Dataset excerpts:
*** Block opens ***
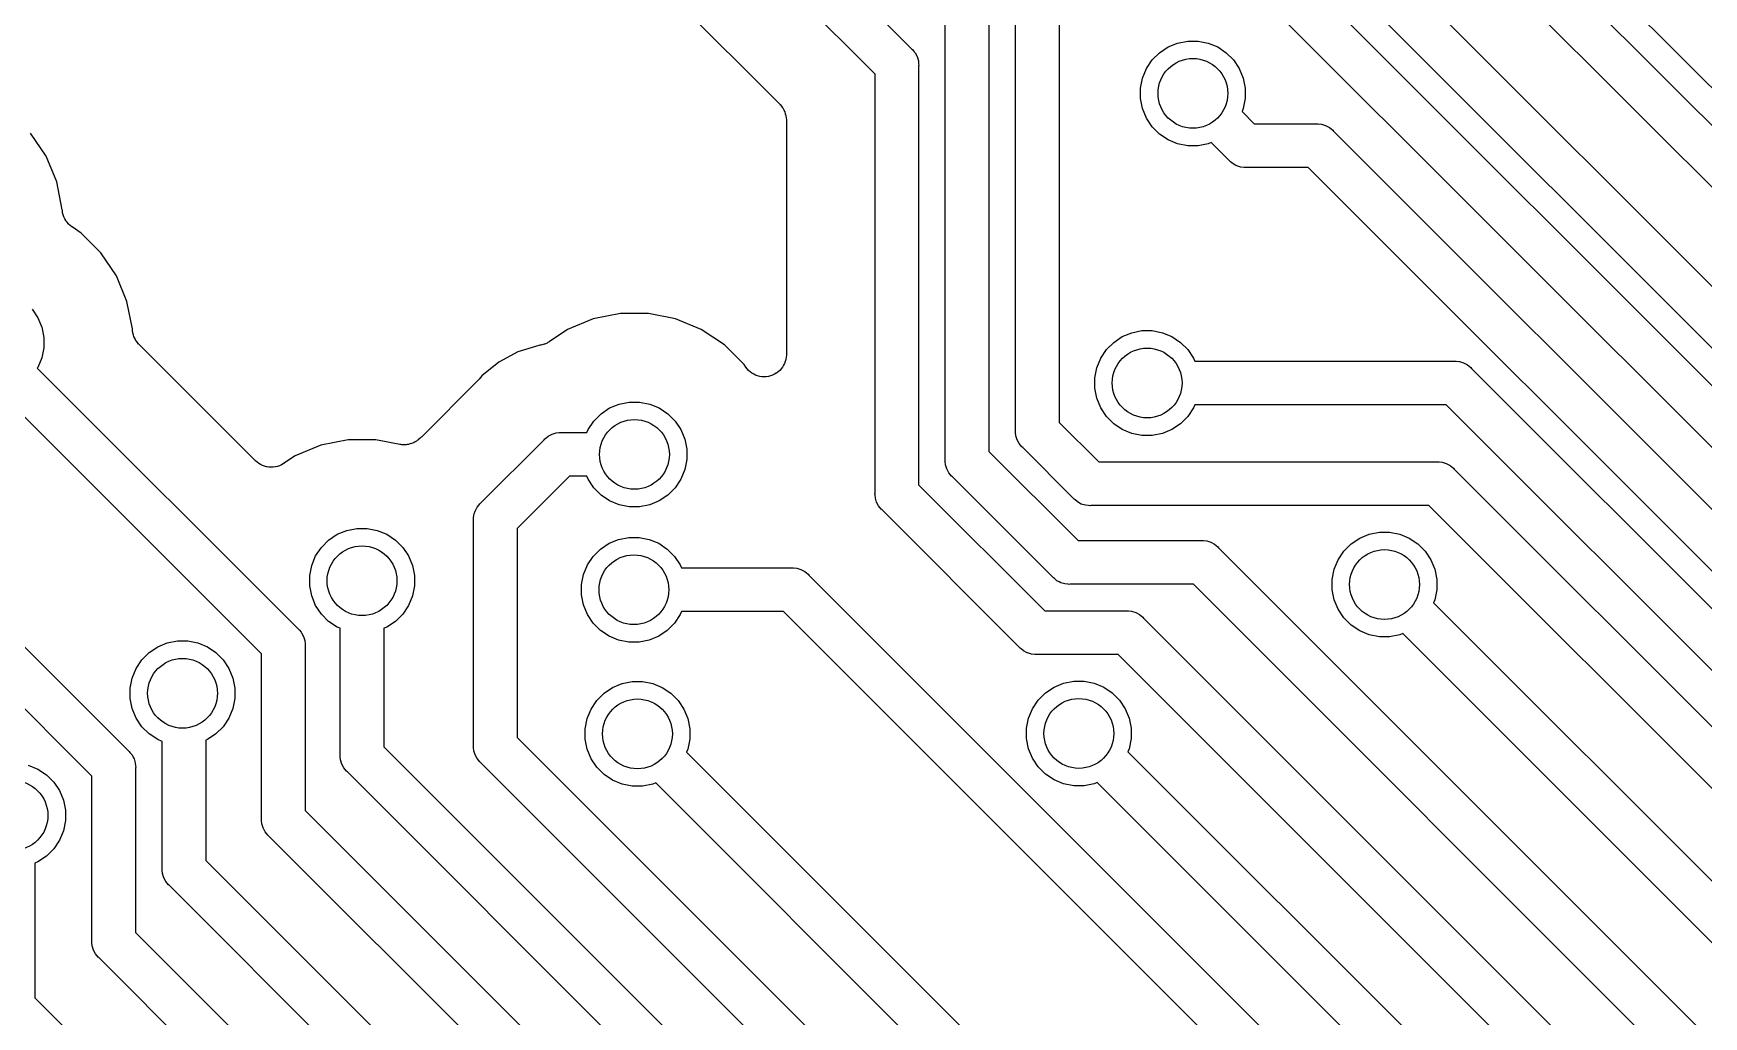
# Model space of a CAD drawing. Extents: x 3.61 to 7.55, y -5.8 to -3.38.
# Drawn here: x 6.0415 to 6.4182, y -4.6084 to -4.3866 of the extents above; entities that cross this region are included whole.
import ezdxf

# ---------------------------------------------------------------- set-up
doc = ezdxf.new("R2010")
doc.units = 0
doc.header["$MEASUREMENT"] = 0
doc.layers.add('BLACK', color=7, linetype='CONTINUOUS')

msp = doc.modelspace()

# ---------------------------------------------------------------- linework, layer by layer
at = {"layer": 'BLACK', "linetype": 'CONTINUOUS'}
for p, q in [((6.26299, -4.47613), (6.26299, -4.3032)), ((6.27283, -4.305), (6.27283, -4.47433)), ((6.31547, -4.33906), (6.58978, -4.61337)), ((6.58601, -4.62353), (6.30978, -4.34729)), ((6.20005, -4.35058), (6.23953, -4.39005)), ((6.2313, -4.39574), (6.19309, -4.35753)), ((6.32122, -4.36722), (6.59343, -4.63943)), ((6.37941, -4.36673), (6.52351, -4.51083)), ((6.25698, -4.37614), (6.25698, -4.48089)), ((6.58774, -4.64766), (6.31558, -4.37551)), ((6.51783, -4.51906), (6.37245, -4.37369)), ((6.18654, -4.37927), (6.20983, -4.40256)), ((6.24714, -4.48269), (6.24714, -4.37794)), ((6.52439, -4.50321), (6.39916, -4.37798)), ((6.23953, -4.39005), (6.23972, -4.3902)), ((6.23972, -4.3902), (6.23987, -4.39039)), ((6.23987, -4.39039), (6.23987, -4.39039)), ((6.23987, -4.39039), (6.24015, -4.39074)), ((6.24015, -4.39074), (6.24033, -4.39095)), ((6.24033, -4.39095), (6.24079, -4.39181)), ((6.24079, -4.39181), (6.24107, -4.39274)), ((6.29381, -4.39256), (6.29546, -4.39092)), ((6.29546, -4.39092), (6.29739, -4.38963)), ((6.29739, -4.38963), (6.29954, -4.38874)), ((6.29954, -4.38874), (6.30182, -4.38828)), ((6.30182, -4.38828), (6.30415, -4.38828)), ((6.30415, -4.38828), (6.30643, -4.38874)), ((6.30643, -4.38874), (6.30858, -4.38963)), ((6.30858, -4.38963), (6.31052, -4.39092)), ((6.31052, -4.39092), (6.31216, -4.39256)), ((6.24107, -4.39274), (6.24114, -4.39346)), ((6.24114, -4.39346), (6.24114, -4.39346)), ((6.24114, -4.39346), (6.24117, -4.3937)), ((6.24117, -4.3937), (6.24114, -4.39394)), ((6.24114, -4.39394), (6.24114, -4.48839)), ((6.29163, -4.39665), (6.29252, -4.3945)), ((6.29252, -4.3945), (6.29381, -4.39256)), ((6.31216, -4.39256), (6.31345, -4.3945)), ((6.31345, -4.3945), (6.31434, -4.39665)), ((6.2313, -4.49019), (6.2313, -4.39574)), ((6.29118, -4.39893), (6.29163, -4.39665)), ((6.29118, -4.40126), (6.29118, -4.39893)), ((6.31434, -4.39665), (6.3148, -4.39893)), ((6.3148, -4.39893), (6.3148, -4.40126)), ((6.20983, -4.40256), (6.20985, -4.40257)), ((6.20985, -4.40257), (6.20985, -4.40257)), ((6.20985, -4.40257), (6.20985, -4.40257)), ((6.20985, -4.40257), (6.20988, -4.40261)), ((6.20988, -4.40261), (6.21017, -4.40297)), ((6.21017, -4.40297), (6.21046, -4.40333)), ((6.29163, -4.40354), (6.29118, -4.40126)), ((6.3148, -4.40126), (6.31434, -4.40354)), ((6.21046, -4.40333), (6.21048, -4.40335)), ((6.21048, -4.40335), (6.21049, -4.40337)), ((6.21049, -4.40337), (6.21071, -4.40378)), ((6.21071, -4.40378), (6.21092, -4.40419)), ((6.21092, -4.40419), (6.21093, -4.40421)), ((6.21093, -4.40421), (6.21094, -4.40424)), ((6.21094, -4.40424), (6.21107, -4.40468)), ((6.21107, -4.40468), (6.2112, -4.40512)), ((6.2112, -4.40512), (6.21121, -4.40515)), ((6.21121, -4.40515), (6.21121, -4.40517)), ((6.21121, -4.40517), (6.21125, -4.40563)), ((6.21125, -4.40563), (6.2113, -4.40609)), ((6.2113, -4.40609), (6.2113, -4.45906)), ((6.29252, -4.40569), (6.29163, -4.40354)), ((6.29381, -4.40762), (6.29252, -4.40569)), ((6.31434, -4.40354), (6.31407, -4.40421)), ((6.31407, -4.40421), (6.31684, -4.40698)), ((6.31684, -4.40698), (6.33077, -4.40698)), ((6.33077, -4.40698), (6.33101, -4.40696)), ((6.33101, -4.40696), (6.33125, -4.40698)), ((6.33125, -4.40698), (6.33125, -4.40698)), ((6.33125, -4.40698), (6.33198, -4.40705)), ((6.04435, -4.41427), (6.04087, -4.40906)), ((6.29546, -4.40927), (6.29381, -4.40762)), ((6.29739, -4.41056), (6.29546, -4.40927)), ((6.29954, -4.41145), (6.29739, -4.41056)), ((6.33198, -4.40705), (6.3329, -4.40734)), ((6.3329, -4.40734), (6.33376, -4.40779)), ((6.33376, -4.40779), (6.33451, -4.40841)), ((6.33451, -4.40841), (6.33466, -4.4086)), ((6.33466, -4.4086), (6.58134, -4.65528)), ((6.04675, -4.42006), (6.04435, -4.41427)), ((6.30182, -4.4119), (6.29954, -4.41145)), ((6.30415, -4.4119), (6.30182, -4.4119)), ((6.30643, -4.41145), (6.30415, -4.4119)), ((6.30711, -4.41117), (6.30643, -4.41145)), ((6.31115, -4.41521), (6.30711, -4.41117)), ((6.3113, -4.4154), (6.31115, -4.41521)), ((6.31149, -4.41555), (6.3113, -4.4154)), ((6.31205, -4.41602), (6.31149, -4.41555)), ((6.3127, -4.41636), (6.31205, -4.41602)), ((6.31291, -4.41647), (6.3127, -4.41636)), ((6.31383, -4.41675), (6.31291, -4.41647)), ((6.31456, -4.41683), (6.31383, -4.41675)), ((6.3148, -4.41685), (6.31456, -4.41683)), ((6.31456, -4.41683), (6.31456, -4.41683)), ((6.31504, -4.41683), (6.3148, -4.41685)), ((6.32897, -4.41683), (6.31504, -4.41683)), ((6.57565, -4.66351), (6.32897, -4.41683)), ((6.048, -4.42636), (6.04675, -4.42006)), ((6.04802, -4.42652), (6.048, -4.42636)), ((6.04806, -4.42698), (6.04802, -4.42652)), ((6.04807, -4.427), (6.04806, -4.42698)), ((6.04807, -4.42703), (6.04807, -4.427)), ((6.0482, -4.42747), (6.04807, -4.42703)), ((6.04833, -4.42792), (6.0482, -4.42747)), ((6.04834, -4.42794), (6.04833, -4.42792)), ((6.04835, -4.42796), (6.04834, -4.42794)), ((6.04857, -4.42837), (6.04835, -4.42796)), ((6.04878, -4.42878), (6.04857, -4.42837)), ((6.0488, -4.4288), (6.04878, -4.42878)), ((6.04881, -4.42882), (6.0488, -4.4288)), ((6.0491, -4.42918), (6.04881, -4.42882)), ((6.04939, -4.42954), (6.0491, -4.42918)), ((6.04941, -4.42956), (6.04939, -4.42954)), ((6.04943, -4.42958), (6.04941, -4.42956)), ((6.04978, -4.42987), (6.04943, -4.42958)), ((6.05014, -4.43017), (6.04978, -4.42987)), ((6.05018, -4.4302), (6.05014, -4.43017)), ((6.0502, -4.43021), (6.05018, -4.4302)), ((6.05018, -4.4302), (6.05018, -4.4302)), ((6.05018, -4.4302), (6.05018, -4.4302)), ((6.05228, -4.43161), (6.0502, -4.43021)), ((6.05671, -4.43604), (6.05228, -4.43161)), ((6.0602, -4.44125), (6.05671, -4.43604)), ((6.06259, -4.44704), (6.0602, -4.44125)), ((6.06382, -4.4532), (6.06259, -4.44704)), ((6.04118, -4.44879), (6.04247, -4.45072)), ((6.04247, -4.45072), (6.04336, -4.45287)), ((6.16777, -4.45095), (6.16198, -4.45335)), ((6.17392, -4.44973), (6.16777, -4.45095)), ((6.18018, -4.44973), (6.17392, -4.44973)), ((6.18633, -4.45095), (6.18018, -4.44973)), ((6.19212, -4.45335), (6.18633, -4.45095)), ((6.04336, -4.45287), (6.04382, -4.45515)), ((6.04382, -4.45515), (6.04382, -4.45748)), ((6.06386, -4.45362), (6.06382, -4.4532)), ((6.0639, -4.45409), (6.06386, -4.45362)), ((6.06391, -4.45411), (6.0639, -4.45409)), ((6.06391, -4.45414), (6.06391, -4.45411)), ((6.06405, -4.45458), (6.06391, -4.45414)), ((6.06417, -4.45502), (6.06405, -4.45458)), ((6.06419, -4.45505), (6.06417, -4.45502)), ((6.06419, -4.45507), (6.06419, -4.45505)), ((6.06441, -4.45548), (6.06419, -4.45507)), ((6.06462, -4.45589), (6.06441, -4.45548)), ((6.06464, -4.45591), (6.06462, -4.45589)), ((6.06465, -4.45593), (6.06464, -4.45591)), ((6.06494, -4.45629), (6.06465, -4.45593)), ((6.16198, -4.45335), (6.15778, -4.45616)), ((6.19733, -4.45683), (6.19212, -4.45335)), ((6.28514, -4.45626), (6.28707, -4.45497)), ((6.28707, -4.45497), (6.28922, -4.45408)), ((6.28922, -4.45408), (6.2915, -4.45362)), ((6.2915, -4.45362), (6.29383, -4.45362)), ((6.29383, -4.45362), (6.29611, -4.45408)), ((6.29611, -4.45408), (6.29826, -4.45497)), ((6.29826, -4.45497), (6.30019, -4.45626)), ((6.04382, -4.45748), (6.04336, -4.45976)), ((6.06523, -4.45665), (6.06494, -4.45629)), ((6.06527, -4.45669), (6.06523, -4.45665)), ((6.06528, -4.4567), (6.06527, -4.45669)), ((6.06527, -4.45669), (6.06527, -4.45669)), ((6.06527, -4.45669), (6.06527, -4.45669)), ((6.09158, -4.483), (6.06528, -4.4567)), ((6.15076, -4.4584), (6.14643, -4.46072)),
*** Block closes ***
» Task
Go through the records and tally the lines that include "CONTINUOUS". Write only the number.

» Answer
2